A simplified version follows:

import dagr.tasks.ScatterGather.Scatter
val scatterer = new SplitIntervalsForCallingRegions(ref=ref, intervals=intervals, output=Some(dir), maxBasesPerScatter=5e6.toInt)
val scatter = Scatter(scatterer)
val hc      = scatter.map(il => new HaplotypeCaller(ref=ref, intervals=Some(il), bam=input, vcf=PathUtil.replaceExtension(il, ".g.vcf.gz"))
val gt      = hc.map(h => GenotypeGvcfs(ref=ref, intervals=h.intervals, gvcf=h.vcf, vcf=replace(h.vcf, ".g.vcf.gz", ".vcf.gz")))
val filter  = gt.map(g => new FilterVcf(in=g.vcf, out=replace(g.vcf, ".vcf.gz", ".filtered.vcf.gz")))
val gather  = filter.gather(fs => new GatherVcfs(in=fs.map(_.out), out=output))

root ==> scatter
gather ==> new DeleteFiles(dir)

There's a lot going on in this short code snippet!

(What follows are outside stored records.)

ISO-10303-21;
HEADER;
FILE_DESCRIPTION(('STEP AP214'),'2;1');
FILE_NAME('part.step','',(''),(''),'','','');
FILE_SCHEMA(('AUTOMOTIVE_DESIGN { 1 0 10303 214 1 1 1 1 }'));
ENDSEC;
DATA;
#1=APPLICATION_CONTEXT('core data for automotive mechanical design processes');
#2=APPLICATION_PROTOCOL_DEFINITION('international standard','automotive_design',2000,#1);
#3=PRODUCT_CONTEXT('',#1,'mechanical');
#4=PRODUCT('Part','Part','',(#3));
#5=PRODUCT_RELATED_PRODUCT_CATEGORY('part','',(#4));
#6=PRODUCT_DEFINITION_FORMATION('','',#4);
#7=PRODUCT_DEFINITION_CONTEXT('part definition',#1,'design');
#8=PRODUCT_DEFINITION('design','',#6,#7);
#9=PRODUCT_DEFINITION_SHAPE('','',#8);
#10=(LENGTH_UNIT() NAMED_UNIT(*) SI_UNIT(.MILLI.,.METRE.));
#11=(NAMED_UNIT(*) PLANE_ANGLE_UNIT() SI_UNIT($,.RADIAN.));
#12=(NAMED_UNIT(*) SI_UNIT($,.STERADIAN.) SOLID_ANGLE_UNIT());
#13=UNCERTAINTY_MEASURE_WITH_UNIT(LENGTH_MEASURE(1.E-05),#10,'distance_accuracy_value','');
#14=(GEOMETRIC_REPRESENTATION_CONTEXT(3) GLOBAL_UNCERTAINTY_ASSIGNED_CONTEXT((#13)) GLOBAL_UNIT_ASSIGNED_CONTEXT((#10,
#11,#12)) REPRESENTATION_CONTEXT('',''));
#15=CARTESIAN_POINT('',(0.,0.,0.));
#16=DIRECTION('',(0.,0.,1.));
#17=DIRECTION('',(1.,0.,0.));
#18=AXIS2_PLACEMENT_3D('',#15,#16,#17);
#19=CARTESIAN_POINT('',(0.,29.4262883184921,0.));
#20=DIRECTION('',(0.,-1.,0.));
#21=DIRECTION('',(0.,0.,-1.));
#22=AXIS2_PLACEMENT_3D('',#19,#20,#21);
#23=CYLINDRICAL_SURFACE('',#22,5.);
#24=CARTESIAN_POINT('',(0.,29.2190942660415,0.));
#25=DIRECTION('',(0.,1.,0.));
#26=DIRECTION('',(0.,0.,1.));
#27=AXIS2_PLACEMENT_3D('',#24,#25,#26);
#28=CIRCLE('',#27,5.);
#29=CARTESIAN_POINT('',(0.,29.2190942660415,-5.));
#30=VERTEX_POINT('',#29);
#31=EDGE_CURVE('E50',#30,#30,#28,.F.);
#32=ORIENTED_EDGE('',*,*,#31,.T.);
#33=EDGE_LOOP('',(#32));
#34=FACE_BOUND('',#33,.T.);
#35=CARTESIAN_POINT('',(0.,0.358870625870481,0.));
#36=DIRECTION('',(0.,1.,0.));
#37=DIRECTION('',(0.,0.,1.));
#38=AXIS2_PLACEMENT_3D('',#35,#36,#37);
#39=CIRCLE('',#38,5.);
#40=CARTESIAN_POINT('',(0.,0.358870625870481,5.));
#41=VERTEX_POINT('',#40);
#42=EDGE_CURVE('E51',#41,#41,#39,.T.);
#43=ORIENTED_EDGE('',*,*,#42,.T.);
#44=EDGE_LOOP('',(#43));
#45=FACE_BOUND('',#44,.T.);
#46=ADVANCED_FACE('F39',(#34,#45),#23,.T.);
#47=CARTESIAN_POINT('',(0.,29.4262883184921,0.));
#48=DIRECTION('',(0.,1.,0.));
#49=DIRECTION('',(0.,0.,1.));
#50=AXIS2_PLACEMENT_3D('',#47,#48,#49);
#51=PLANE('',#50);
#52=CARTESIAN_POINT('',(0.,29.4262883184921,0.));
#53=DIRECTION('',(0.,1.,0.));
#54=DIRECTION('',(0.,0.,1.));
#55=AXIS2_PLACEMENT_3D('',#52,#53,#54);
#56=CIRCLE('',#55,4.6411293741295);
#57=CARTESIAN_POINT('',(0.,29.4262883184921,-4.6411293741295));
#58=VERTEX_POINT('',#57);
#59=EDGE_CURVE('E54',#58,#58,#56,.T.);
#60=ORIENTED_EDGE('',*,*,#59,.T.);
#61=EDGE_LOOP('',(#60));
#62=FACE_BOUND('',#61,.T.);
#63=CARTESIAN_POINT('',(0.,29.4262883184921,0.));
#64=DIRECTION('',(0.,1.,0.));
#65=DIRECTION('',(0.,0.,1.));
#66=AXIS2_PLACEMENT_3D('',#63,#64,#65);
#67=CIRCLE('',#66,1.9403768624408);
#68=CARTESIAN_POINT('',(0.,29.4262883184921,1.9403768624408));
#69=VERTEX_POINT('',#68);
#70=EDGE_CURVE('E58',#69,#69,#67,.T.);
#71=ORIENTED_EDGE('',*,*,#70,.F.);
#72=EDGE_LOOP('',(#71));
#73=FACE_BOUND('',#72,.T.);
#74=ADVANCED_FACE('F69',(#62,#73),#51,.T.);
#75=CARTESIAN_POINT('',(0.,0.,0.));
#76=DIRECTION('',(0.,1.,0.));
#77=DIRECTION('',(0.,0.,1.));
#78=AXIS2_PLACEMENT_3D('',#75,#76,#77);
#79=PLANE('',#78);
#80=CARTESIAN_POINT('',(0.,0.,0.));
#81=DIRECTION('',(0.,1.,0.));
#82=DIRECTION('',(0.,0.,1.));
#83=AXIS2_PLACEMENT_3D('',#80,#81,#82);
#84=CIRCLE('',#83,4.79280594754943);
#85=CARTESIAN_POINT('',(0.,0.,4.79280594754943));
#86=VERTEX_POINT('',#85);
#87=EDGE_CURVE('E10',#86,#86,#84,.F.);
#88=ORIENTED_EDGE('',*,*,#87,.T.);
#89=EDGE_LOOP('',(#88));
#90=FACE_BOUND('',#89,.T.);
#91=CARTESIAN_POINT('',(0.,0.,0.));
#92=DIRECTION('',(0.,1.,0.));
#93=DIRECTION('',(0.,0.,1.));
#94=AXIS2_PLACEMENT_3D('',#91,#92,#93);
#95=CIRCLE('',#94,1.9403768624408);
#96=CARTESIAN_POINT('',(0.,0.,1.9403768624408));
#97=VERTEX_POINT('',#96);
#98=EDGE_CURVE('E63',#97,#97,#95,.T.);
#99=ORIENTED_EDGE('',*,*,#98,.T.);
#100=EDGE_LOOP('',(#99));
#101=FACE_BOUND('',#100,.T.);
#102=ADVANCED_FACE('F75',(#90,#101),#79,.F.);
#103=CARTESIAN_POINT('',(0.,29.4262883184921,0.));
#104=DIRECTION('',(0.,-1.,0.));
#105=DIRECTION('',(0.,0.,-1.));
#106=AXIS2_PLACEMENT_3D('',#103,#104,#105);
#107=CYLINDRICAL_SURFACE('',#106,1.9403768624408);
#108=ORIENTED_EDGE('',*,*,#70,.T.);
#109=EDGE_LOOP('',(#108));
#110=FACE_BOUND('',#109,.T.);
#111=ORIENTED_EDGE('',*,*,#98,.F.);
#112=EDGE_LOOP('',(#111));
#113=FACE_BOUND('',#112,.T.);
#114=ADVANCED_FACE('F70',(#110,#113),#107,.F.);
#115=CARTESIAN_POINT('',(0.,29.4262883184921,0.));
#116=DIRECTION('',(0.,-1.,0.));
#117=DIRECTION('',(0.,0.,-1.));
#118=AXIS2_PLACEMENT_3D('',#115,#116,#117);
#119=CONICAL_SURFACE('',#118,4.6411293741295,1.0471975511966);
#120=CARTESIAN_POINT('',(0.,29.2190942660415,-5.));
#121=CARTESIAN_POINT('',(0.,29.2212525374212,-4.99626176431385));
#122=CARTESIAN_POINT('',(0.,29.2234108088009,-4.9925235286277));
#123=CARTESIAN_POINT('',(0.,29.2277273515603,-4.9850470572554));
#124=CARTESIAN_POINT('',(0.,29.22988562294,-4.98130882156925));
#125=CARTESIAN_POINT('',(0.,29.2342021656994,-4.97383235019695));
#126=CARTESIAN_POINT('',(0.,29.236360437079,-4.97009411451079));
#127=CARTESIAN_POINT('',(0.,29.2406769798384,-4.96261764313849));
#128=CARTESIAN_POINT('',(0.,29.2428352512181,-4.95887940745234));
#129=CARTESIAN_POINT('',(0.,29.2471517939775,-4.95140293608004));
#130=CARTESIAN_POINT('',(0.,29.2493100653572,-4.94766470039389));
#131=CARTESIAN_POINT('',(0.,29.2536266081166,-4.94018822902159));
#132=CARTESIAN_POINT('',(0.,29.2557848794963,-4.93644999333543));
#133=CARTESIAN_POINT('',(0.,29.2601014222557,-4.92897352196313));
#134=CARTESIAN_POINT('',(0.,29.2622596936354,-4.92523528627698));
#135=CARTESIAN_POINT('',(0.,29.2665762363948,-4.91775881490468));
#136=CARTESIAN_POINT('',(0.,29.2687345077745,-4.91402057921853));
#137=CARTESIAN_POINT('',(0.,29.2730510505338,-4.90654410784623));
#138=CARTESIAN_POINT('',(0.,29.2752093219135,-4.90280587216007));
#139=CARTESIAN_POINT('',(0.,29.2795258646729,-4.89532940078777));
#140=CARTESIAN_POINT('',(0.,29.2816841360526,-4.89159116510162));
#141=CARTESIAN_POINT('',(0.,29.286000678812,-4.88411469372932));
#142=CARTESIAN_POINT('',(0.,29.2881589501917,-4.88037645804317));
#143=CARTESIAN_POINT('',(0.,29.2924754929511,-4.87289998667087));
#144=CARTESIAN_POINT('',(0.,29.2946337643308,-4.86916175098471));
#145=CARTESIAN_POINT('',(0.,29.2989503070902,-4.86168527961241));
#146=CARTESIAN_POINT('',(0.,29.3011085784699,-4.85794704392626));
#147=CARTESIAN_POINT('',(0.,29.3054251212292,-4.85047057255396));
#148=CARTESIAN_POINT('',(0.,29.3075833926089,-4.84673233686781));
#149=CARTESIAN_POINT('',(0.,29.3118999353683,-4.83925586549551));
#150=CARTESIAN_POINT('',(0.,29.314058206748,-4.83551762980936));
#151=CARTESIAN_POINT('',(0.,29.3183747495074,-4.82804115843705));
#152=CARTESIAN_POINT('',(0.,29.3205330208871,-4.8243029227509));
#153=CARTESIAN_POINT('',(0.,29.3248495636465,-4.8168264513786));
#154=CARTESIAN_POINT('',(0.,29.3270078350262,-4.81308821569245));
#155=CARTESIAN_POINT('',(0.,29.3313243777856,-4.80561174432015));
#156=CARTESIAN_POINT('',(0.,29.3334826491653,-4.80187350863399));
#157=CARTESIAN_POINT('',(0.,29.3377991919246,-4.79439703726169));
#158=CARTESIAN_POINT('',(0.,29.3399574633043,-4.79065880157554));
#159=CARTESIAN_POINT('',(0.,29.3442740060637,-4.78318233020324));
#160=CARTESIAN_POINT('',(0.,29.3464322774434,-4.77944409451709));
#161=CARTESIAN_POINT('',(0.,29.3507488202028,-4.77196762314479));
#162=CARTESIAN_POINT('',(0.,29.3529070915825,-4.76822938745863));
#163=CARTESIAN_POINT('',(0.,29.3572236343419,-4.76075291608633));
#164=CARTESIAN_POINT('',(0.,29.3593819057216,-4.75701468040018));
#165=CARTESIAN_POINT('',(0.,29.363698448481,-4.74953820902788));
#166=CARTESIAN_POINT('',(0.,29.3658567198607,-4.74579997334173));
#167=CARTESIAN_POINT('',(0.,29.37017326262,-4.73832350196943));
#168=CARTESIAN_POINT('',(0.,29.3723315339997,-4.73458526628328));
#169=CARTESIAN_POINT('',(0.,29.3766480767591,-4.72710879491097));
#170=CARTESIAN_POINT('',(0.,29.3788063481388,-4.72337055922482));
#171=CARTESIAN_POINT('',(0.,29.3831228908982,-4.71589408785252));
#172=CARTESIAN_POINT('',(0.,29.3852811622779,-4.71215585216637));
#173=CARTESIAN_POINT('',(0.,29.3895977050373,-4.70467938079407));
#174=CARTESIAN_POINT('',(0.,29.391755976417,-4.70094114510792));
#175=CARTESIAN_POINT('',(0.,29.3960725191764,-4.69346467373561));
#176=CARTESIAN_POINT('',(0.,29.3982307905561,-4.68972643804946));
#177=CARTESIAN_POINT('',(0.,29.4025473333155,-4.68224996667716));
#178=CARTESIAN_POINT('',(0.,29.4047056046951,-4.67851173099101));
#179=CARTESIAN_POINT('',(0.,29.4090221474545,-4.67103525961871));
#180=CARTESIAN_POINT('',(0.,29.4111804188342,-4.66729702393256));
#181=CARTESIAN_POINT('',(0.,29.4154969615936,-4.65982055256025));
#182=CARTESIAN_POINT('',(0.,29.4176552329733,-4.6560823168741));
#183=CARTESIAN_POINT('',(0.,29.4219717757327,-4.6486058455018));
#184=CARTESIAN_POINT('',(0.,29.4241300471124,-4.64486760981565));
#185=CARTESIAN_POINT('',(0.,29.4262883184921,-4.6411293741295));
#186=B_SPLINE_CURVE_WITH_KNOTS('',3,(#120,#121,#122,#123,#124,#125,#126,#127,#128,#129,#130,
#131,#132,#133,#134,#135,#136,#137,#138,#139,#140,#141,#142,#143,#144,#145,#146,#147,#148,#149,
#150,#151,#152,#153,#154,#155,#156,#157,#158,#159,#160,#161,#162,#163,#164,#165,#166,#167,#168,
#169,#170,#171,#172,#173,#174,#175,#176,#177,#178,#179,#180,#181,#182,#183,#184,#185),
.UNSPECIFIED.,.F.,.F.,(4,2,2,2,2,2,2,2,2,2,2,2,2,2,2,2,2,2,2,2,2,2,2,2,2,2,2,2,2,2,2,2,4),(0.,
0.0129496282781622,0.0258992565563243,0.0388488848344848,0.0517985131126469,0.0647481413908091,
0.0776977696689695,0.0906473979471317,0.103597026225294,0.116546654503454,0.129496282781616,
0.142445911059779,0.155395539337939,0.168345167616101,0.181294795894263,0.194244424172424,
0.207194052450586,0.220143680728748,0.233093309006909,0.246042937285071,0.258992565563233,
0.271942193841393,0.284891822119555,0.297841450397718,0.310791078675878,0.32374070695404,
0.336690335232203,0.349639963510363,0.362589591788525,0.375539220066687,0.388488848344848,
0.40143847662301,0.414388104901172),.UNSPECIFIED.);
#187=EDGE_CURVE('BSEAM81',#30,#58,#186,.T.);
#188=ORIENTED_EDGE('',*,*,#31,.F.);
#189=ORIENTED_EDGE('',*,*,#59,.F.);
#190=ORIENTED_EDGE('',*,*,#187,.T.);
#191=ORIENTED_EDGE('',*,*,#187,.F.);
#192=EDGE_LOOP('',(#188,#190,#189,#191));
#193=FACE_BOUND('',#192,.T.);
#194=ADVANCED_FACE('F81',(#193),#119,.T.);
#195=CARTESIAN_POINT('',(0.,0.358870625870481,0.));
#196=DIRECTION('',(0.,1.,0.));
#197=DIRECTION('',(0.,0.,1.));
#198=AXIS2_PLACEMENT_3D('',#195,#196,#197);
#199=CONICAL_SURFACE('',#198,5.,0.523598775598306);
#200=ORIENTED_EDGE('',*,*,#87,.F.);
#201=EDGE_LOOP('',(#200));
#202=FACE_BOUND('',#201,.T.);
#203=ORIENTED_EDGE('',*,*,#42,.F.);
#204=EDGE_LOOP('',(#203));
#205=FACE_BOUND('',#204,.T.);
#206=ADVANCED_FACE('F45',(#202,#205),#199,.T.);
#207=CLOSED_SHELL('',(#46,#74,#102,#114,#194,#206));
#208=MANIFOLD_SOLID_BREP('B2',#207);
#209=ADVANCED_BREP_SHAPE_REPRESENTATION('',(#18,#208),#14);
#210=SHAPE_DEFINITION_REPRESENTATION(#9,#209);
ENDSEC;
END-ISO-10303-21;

  1. SplitIntervalsForCallingRegions is a task that breaks apart an interval list into many smaller interval lists. It also implements Partitioner[PathToIntervals] which allows the scatter/gather framework to use it to initiate a scatter operation.
  2. On line 3 we instantiate a Scatter object which is used to wire together and manage all the tasks in the scatter/gather pipeline
  3. On line 4 we use the .map() method on Scatter to create a HaplotypeCaller task per partition. The .map() method takes as a parameter a function that is invoked once per input partition to create the jobs we need.
  4. On lines 5 and 6 we continue the scattered processing by extending the chain with further calls to .map(). In this case the function we provide to .map() receives as input the prior task in the chain.
  5. On line 7 we use the .gather() function to generate a task that gathers the results of all the scatters. It receives as input the last task from each branch of the scatter, and uses their outputs as the input to GatherVcfs.
  6. Lastly on lines 9-10 we wire in the dependencies. The framework has already hooked up all the dependencies between parts of the scatter/gather workflow so all that's left is to wire scatter to it's dependencies, and add any tasks that come afterwards

It should be noted that all of the objects generated during a scatter/gather workflow (e.g. scatter, hc, gt, filter) can be .map()'d and .gather()'d more than once. I.e. you can build a scatter/gather pipeline with multiple branches and multiple endpoints without repeating any work.